> [Exercise materials]:
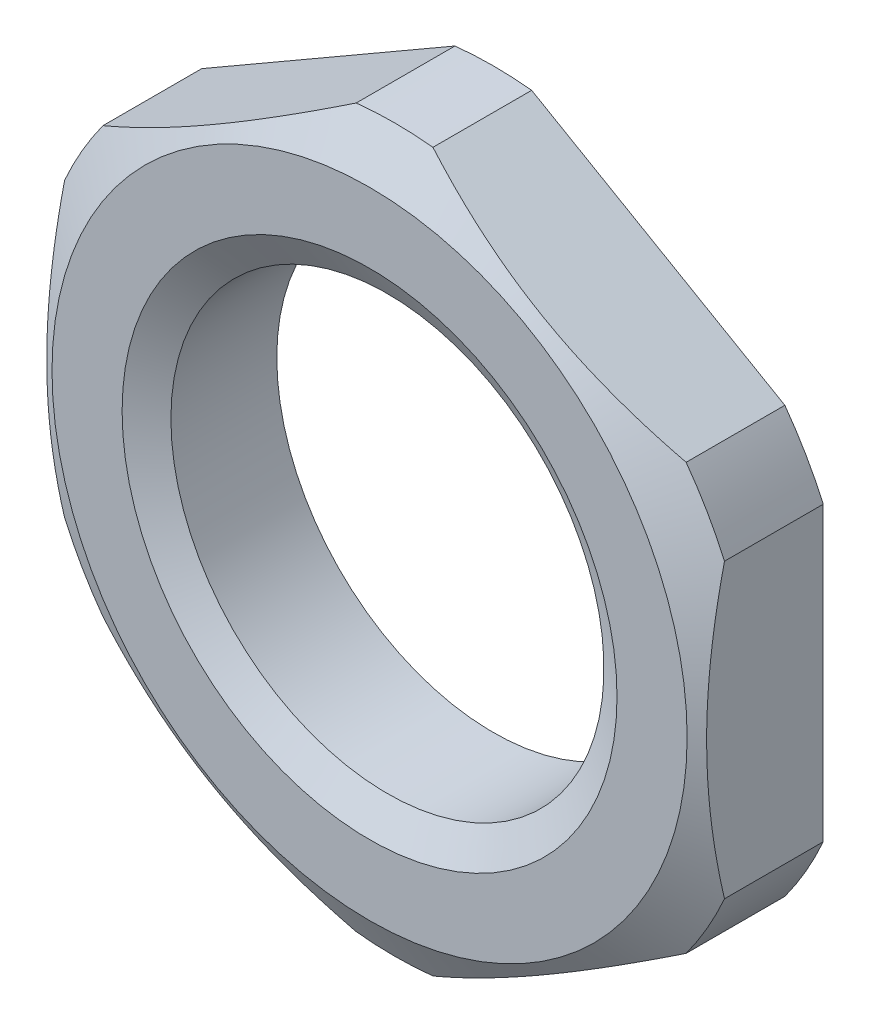
ISO-10303-21;
HEADER;
FILE_DESCRIPTION(('STEP AP214'),'2;1');
FILE_NAME('part.step','',(''),(''),'','','');
FILE_SCHEMA(('AUTOMOTIVE_DESIGN { 1 0 10303 214 1 1 1 1 }'));
ENDSEC;
DATA;
#1=APPLICATION_CONTEXT('core data for automotive mechanical design processes');
#2=APPLICATION_PROTOCOL_DEFINITION('international standard','automotive_design',2000,#1);
#3=PRODUCT_CONTEXT('',#1,'mechanical');
#4=PRODUCT('Part','Part','',(#3));
#5=PRODUCT_RELATED_PRODUCT_CATEGORY('part','',(#4));
#6=PRODUCT_DEFINITION_FORMATION('','',#4);
#7=PRODUCT_DEFINITION_CONTEXT('part definition',#1,'design');
#8=PRODUCT_DEFINITION('design','',#6,#7);
#9=PRODUCT_DEFINITION_SHAPE('','',#8);
#10=(LENGTH_UNIT() NAMED_UNIT(*) SI_UNIT(.MILLI.,.METRE.));
#11=(NAMED_UNIT(*) PLANE_ANGLE_UNIT() SI_UNIT($,.RADIAN.));
#12=(NAMED_UNIT(*) SI_UNIT($,.STERADIAN.) SOLID_ANGLE_UNIT());
#13=UNCERTAINTY_MEASURE_WITH_UNIT(LENGTH_MEASURE(1.E-05),#10,'distance_accuracy_value','');
#14=(GEOMETRIC_REPRESENTATION_CONTEXT(3) GLOBAL_UNCERTAINTY_ASSIGNED_CONTEXT((#13)) GLOBAL_UNIT_ASSIGNED_CONTEXT((#10,
#11,#12)) REPRESENTATION_CONTEXT('',''));
#15=CARTESIAN_POINT('',(0.,0.,0.));
#16=DIRECTION('',(0.,0.,1.));
#17=DIRECTION('',(1.,0.,0.));
#18=AXIS2_PLACEMENT_3D('',#15,#16,#17);
#19=CARTESIAN_POINT('',(0.,0.,0.));
#20=DIRECTION('',(0.,0.,-1.));
#21=DIRECTION('',(-1.,0.,0.));
#22=AXIS2_PLACEMENT_3D('',#19,#20,#21);
#23=CONICAL_SURFACE('',#22,7.7,1.0471975511966);
#24=CARTESIAN_POINT('',(0.,0.,-0.606217782649107));
#25=DIRECTION('',(0.,0.,-1.));
#26=DIRECTION('',(-1.,0.,0.));
#27=AXIS2_PLACEMENT_3D('',#24,#25,#26);
#28=CIRCLE('',#27,8.75);
#29=CARTESIAN_POINT('',(-0.930492710547831,8.70038409012024,-0.606217782649107));
#30=VERTEX_POINT('',#29);
#31=CARTESIAN_POINT('',(0.930492710547825,8.70038409012024,-0.606217782649107));
#32=VERTEX_POINT('',#31);
#33=EDGE_CURVE('E143',#30,#32,#28,.T.);
#34=ORIENTED_EDGE('',*,*,#33,.F.);
#35=CARTESIAN_POINT('',(-7.07024782767937,5.15559482048597,-0.606417782649106));
#36=CARTESIAN_POINT('',(-6.90148087906585,5.25303246369829,-0.560827597447312));
#37=CARTESIAN_POINT('',(-6.73208945777638,5.35083064637818,-0.518221370815185));
#38=CARTESIAN_POINT('',(-6.39211380389606,5.5471156816639,-0.439610585245916));
#39=CARTESIAN_POINT('',(-6.22152924144576,5.64560272471418,-0.403607933420928));
#40=CARTESIAN_POINT('',(-5.87914841907391,5.84327638467593,-0.33883245483654));
#41=CARTESIAN_POINT('',(-5.70735111111037,5.94246360667473,-0.310066952118132));
#42=CARTESIAN_POINT('',(-5.36291860488582,6.14132180686113,-0.260393822837285));
#43=CARTESIAN_POINT('',(-5.19028349106087,6.24099273629955,-0.239485420418063));
#44=CARTESIAN_POINT('',(-4.84766165540015,6.43880554534851,-0.206300910486343));
#45=CARTESIAN_POINT('',(-4.67768626969476,6.53694088004113,-0.193869681917507));
#46=CARTESIAN_POINT('',(-4.33743333679985,6.73338600244056,-0.177296510459336));
#47=CARTESIAN_POINT('',(-4.16715579495013,6.83169578706445,-0.173154422513488));
#48=CARTESIAN_POINT('',(-3.82672126187345,7.02824575637771,-0.173256640546117));
#49=CARTESIAN_POINT('',(-3.65656426928932,7.12648594185066,-0.177495107222737));
#50=CARTESIAN_POINT('',(-3.31657122626224,7.32278101676494,-0.194246464062967));
#51=CARTESIAN_POINT('',(-3.14673515244742,7.42083591970004,-0.206758726380949));
#52=CARTESIAN_POINT('',(-2.80564033024968,7.61776710711509,-0.239968908160903));
#53=CARTESIAN_POINT('',(-2.63438858443956,7.71663934865776,-0.260762108417526));
#54=CARTESIAN_POINT('',(-2.29272113587679,7.9139011420588,-0.310076759204187));
#55=CARTESIAN_POINT('',(-2.12230546023987,8.01229067826191,-0.338598458722785));
#56=CARTESIAN_POINT('',(-1.7808221079298,8.20944618364191,-0.4031222931993));
#57=CARTESIAN_POINT('',(-1.60976457436446,8.30820629669277,-0.439195422838334));
#58=CARTESIAN_POINT('',(-1.26884621332733,8.50503560420924,-0.517985988220957));
#59=CARTESIAN_POINT('',(-1.09898507401219,8.60310497871769,-0.560701620112898));
#60=CARTESIAN_POINT('',(-0.929752172319219,8.70081164006587,-0.606417782649489));
#61=B_SPLINE_CURVE_WITH_KNOTS('',3,(#35,#36,#37,#38,#39,#40,#41,#42,#43,#44,#45,#46,#47,#48,#49,
#50,#51,#52,#53,#54,#55,#56,#57,#58,#59,#60),.UNSPECIFIED.,.F.,.F.,(4,2,2,2,2,2,2,2,2,2,2,2,4),
(0.,0.600421078435158,1.20101528636273,1.80221487650076,2.40335508500863,2.99317671131804,
3.58298801590404,4.17238850369464,4.76174427076978,5.35808672461223,5.9544483930656,
6.55669108892153,7.15877052319375),.UNSPECIFIED.);
#62=CARTESIAN_POINT('',(-7.06950728945217,5.15602237043078,-0.606217782649107));
#63=VERTEX_POINT('',#62);
#64=EDGE_CURVE('E166',#63,#30,#61,.T.);
#65=ORIENTED_EDGE('',*,*,#64,.F.);
#66=CARTESIAN_POINT('',(-8.,3.54436171968946,-0.606217782649106));
#67=VERTEX_POINT('',#66);
#68=EDGE_CURVE('E141',#67,#63,#28,.T.);
#69=ORIENTED_EDGE('',*,*,#68,.F.);
#70=CARTESIAN_POINT('',(-8.,-13.8764766111287,-4.80204412448945));
#71=CARTESIAN_POINT('',(-8.,-13.5442874801191,-4.63591549315543));
#72=CARTESIAN_POINT('',(-8.,-13.2115180857593,-4.47093495417548));
#73=CARTESIAN_POINT('',(-8.,-12.5445543586188,-4.14382481794102));
#74=CARTESIAN_POINT('',(-8.,-12.2103599319763,-3.98169541220027));
#75=CARTESIAN_POINT('',(-8.,-11.5396499896447,-3.6605409337019));
#76=CARTESIAN_POINT('',(-8.,-11.2031311507491,-3.50152278649282));
#77=CARTESIAN_POINT('',(-8.,-10.5281391364751,-3.1876992829647));
#78=CARTESIAN_POINT('',(-8.,-10.1896659995691,-3.03289384405452));
#79=CARTESIAN_POINT('',(-8.,-9.49513378913338,-2.72163092055866));
#80=CARTESIAN_POINT('',(-8.,-9.13896765926432,-2.56541152721838));
#81=CARTESIAN_POINT('',(-8.,-8.42356960277638,-2.26008385836664));
#82=CARTESIAN_POINT('',(-8.,-8.06433753997261,-2.11097590069477));
#83=CARTESIAN_POINT('',(-8.,-7.34245687310797,-1.82188695772267));
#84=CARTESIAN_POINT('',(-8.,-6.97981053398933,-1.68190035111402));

> [Problem description]:
Could the lines from the top of the material through the line with "#1=APPLICATION_CONTEXT('core data for" be repeated exactly, pictures left out?

> [Answer below]:
ISO-10303-21;
HEADER;
FILE_DESCRIPTION(('STEP AP214'),'2;1');
FILE_NAME('part.step','',(''),(''),'','','');
FILE_SCHEMA(('AUTOMOTIVE_DESIGN { 1 0 10303 214 1 1 1 1 }'));
ENDSEC;
DATA;
#1=APPLICATION_CONTEXT('core data for automotive mechanical design processes');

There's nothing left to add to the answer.